Aim of the task
In the listing that follows, the range to quote begins at the line that has "BOTTOM w0.102: v1(78,104)" and ends after the line that has "TOP w0.127: U1.E15 v1(78,102)"; quote it verbatim and add nothing.

Start of Information given

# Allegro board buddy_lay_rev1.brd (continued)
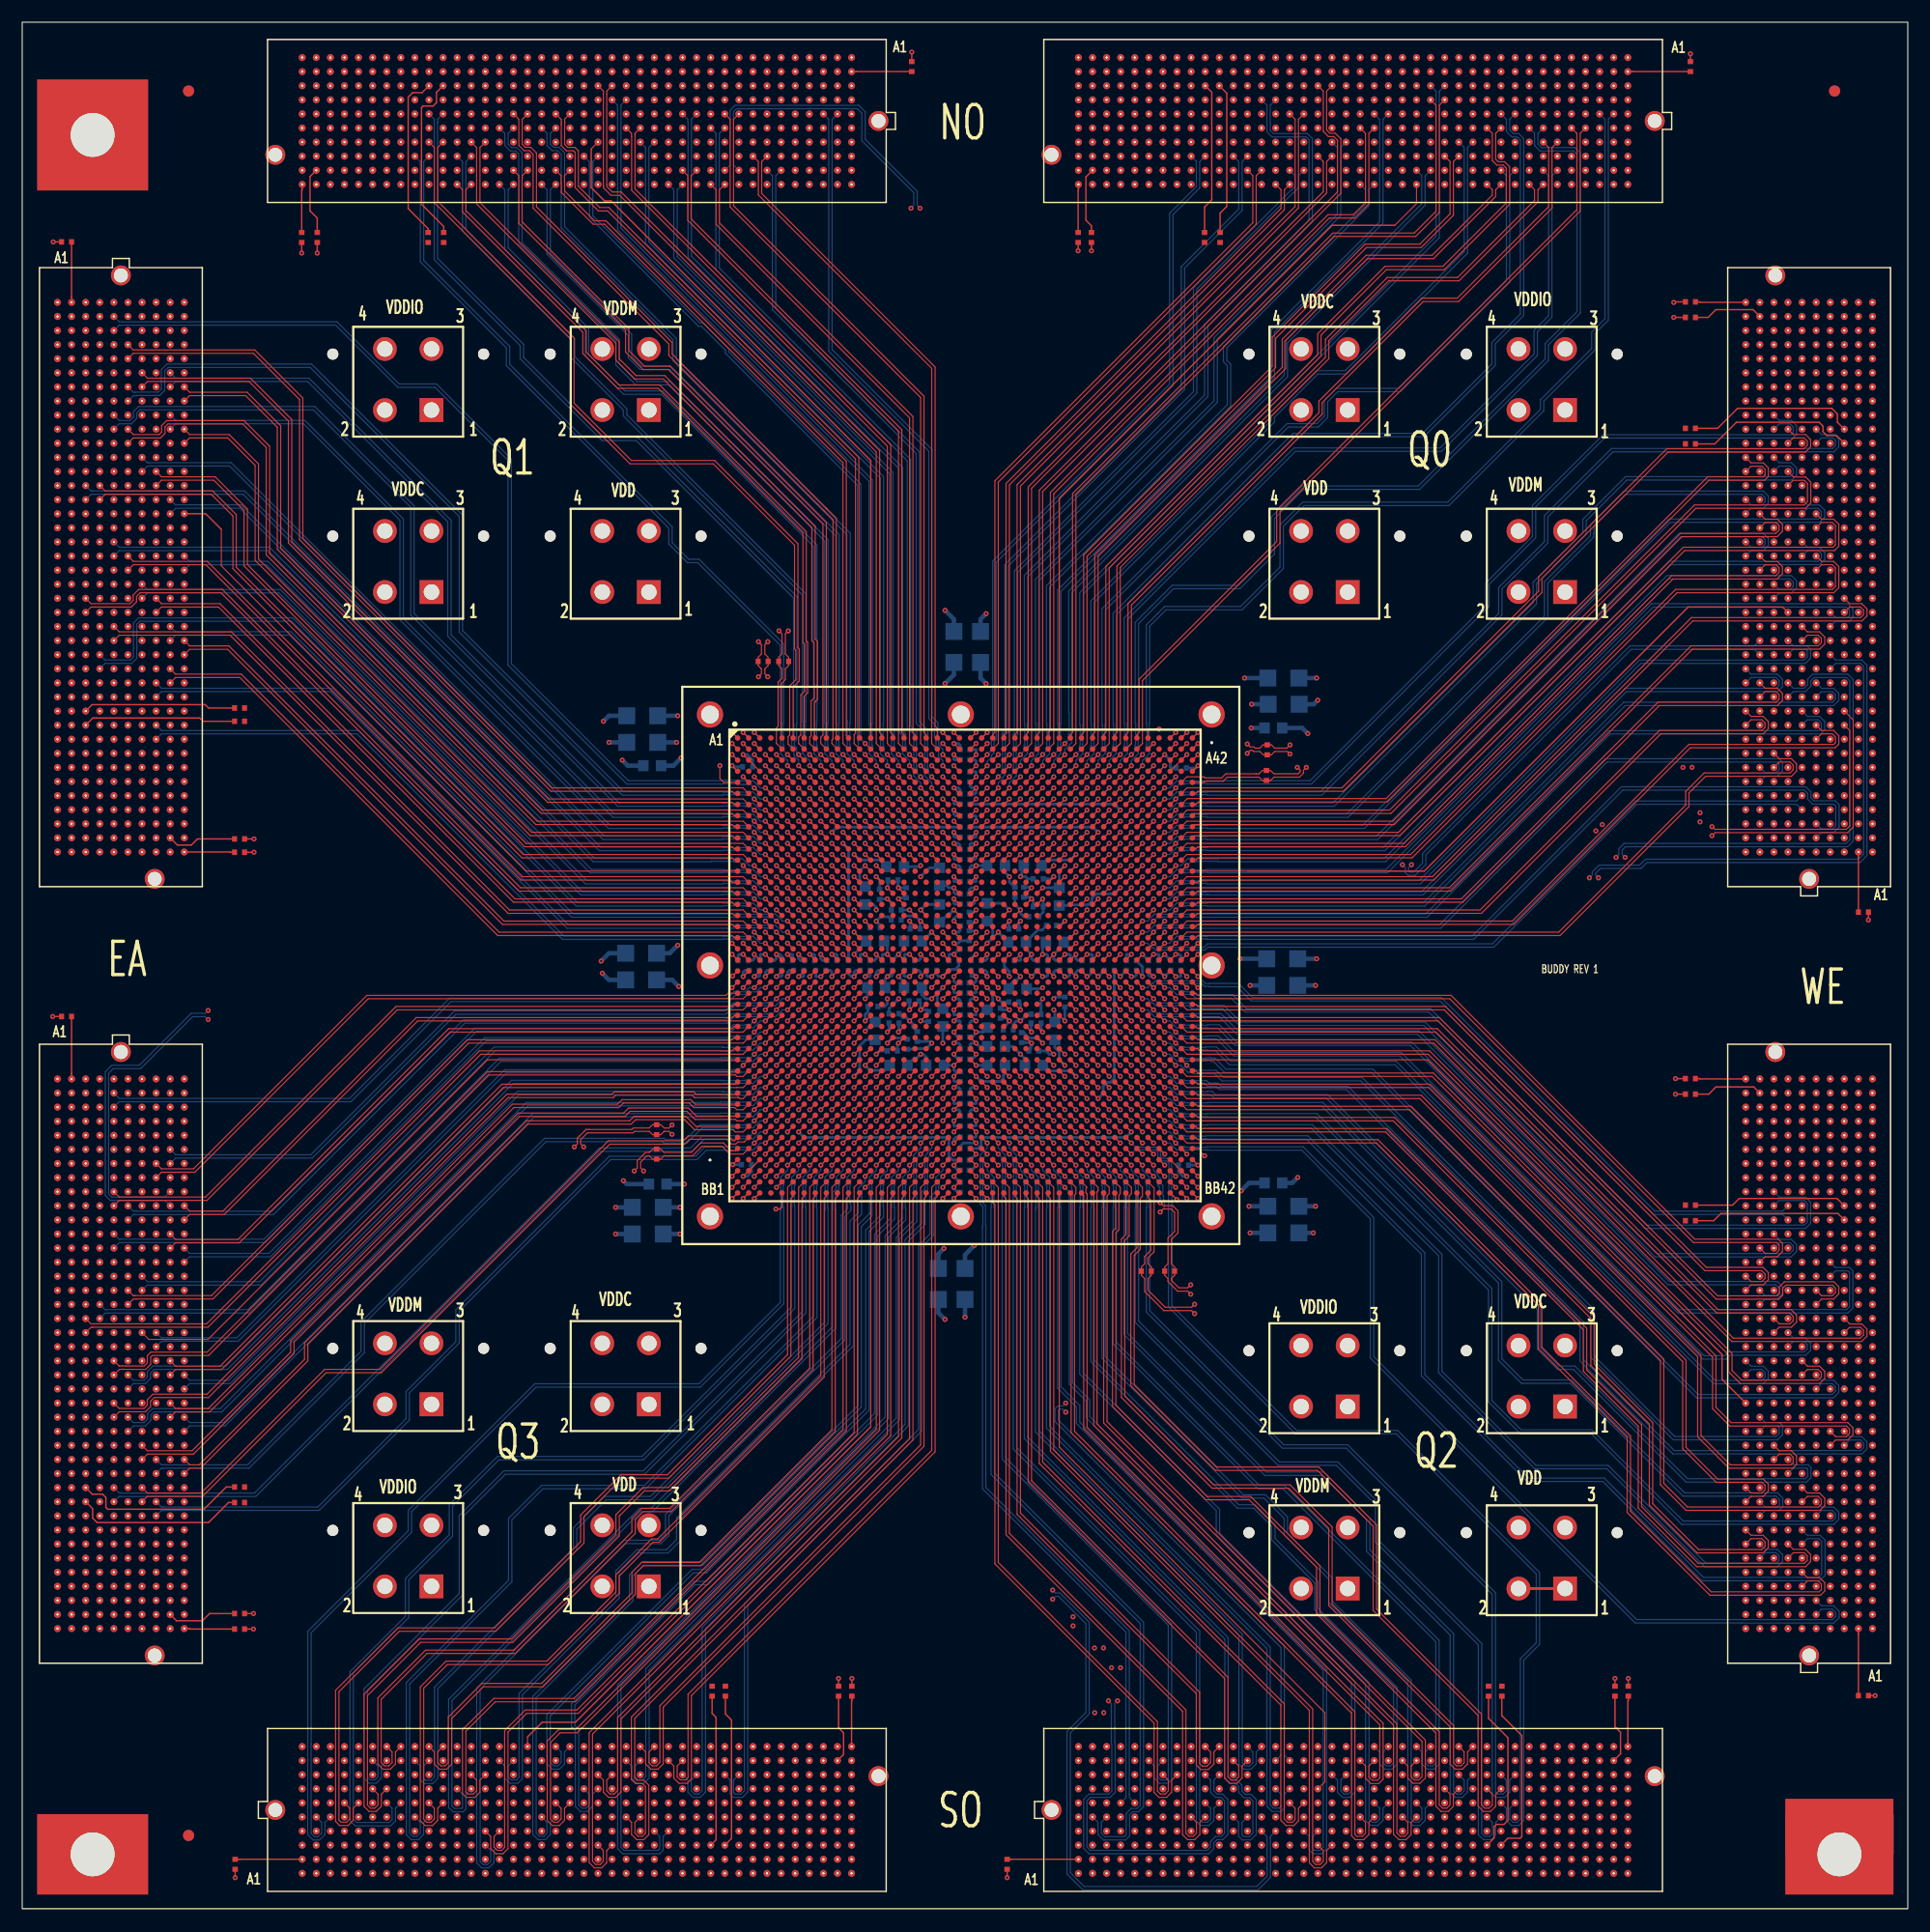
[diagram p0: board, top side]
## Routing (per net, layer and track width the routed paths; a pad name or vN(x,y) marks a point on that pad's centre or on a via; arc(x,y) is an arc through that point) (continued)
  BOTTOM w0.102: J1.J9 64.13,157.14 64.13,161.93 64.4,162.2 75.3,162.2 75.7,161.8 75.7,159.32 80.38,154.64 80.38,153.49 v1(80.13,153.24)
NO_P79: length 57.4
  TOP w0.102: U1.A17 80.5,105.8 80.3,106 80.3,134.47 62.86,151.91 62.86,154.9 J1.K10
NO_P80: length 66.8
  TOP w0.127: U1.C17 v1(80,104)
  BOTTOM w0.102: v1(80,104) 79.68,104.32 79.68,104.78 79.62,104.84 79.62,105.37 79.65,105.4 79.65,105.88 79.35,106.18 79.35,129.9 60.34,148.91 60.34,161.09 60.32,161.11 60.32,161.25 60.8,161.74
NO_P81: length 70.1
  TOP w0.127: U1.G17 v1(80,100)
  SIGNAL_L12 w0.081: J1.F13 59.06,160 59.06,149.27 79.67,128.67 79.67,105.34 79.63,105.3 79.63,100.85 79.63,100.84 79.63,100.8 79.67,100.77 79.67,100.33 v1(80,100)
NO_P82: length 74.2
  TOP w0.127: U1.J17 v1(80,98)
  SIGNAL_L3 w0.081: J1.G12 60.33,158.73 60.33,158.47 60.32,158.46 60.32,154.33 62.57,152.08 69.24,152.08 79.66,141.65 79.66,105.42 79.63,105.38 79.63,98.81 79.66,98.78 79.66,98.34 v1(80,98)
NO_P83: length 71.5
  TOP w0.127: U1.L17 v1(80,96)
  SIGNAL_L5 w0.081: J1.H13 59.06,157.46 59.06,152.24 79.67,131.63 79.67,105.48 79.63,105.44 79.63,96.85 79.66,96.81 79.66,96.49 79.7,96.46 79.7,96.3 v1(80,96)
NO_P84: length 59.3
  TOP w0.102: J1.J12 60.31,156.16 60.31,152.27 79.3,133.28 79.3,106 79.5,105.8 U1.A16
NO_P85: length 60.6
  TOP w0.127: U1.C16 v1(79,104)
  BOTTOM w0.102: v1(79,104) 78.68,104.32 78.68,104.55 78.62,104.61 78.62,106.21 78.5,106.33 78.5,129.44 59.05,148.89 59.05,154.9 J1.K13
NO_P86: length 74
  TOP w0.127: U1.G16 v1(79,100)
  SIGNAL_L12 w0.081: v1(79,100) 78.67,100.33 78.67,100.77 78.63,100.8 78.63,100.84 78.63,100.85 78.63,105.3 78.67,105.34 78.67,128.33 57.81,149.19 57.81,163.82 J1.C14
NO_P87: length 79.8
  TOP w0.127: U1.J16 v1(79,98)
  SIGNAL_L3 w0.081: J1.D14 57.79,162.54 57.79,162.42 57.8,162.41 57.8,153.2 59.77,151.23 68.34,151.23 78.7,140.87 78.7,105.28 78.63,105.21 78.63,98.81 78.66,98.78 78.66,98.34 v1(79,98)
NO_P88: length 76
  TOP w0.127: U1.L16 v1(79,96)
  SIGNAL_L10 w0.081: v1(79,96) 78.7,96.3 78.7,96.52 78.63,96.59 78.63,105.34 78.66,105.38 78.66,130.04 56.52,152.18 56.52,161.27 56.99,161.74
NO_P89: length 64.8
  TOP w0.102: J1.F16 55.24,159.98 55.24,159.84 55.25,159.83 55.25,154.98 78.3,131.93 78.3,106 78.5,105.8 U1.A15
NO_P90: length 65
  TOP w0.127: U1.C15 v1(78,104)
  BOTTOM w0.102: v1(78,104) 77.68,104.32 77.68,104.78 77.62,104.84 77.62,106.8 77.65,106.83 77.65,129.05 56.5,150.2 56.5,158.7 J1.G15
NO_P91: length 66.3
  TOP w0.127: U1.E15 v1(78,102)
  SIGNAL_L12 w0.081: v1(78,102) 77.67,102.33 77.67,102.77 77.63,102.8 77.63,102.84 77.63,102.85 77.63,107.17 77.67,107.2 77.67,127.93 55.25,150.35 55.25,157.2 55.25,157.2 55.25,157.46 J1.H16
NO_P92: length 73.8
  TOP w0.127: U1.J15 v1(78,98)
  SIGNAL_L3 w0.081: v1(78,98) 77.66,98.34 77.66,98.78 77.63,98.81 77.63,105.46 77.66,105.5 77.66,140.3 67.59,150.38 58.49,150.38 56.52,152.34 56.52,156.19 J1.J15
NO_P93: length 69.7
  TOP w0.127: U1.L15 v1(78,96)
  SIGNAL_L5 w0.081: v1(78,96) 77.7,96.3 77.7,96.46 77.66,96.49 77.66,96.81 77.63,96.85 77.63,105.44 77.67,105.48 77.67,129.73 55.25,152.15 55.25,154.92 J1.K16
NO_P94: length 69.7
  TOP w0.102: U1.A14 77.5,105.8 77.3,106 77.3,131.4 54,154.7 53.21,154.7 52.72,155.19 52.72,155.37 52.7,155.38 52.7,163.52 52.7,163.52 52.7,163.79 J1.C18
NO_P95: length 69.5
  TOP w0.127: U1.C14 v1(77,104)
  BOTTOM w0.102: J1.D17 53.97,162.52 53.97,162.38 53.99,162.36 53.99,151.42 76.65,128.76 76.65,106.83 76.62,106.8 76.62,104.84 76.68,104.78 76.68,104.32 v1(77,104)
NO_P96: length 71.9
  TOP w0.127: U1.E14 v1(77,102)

End of Information given

Task output
  BOTTOM w0.102: v1(78,104) 77.68,104.32 77.68,104.78 77.62,104.84 77.62,106.8 77.65,106.83 77.65,129.05 56.5,150.2 56.5,158.7 J1.G15
NO_P91: length 66.3
  TOP w0.127: U1.E15 v1(78,102)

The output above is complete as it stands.